DATA FOR THE TASK:

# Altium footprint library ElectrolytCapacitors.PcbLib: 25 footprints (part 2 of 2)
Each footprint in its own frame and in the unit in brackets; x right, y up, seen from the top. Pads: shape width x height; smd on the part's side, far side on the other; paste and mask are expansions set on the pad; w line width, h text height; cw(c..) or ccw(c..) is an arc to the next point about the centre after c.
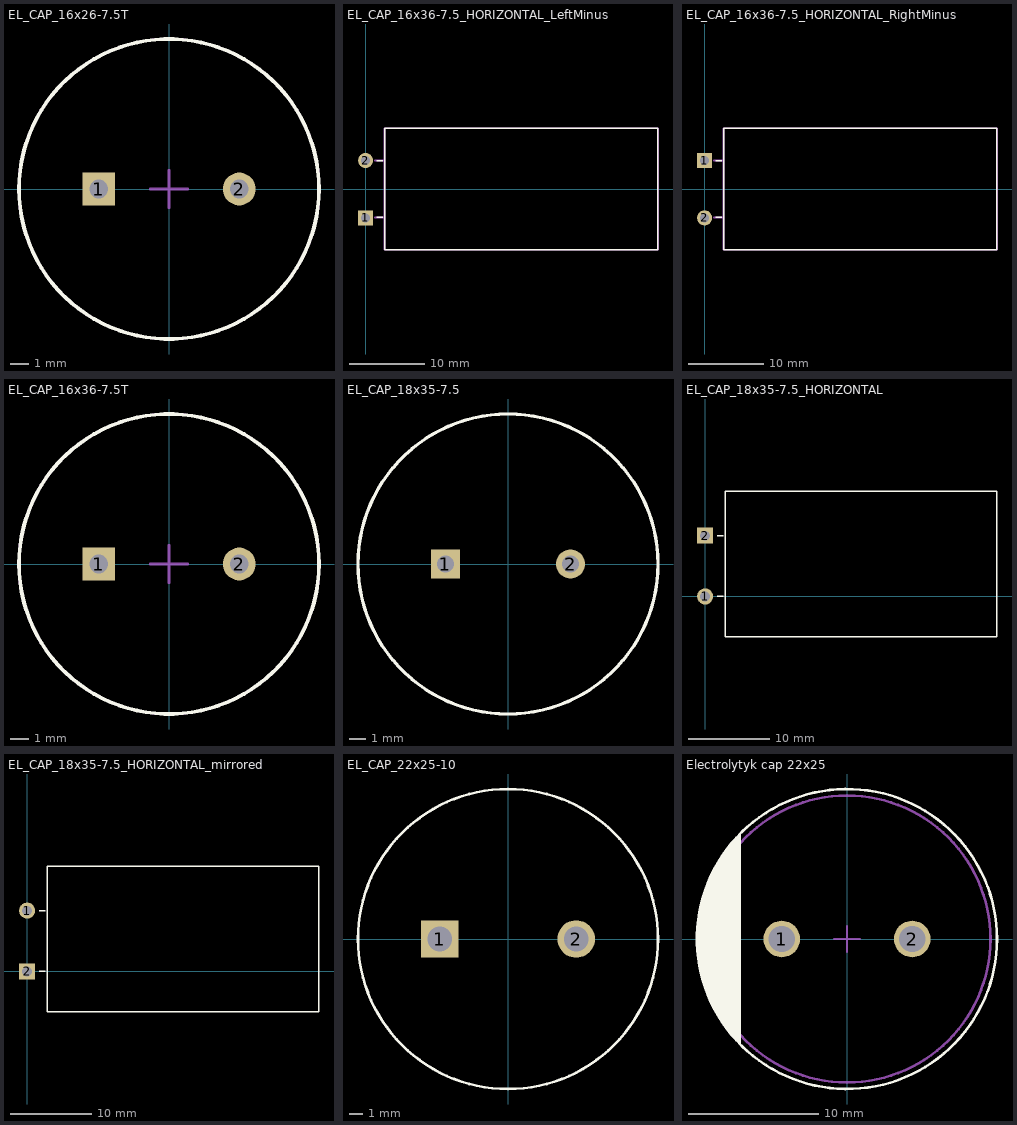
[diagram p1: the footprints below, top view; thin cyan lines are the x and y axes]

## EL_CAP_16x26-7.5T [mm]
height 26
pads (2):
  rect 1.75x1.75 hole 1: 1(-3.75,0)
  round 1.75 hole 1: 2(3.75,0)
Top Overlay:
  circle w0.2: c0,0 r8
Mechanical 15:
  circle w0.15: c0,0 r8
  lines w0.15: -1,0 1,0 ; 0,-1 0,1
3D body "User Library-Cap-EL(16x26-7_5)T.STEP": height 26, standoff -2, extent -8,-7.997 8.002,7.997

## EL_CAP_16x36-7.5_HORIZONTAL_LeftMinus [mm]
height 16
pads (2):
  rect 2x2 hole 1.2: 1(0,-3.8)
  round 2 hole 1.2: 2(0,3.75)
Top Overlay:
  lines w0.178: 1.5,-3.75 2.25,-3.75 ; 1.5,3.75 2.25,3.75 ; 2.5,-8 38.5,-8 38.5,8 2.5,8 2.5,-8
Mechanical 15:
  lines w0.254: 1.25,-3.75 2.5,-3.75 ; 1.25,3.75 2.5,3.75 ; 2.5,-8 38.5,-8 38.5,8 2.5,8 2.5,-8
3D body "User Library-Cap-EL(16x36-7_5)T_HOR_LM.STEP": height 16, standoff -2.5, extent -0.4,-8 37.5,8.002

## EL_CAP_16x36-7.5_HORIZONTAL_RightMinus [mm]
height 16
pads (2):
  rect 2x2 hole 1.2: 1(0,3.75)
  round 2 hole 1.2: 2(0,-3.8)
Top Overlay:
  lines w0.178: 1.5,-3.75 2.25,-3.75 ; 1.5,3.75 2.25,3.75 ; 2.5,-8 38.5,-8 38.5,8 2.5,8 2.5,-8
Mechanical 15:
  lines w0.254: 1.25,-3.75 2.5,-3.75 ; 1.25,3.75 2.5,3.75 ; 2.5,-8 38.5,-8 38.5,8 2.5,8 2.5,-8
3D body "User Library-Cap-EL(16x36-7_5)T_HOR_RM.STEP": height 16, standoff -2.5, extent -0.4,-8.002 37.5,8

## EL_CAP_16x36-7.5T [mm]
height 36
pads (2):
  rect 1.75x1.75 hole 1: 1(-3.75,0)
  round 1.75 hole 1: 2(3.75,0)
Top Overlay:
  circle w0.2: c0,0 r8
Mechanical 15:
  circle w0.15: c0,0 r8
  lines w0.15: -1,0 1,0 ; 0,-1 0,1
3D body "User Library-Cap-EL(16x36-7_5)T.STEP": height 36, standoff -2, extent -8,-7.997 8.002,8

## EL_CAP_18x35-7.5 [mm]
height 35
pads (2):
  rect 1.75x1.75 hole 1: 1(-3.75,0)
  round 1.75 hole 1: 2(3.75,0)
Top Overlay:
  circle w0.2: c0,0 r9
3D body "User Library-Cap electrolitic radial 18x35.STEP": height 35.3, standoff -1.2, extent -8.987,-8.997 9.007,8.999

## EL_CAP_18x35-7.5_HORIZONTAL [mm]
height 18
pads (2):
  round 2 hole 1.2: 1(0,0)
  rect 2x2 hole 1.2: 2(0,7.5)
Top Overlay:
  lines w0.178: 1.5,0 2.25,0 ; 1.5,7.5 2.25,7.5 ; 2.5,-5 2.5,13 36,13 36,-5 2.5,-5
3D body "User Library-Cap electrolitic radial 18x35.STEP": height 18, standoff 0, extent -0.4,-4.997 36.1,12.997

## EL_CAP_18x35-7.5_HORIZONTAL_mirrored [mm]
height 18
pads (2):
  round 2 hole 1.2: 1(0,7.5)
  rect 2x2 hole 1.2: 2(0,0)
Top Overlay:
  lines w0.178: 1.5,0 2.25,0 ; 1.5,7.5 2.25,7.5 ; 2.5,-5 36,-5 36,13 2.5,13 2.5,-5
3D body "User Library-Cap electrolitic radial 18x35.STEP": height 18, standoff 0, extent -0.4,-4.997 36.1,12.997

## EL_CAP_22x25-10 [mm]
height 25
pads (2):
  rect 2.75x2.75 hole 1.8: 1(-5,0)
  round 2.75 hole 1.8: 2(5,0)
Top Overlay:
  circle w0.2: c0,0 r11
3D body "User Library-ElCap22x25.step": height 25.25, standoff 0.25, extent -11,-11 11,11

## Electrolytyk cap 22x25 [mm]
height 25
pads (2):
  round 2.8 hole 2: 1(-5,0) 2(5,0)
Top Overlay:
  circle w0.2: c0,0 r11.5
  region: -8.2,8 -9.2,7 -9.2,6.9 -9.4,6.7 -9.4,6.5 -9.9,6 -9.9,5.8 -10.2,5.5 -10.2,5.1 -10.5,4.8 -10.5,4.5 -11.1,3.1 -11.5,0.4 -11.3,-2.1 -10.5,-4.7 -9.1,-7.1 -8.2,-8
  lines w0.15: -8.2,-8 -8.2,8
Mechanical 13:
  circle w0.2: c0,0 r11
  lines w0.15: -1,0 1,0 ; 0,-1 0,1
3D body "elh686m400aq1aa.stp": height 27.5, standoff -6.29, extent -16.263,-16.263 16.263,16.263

WORK TO BE COMPLETED:
State the number of lines above that hold the string "footprints", with nothing added.

SOLUTION FOR THIS PROBLEM:
2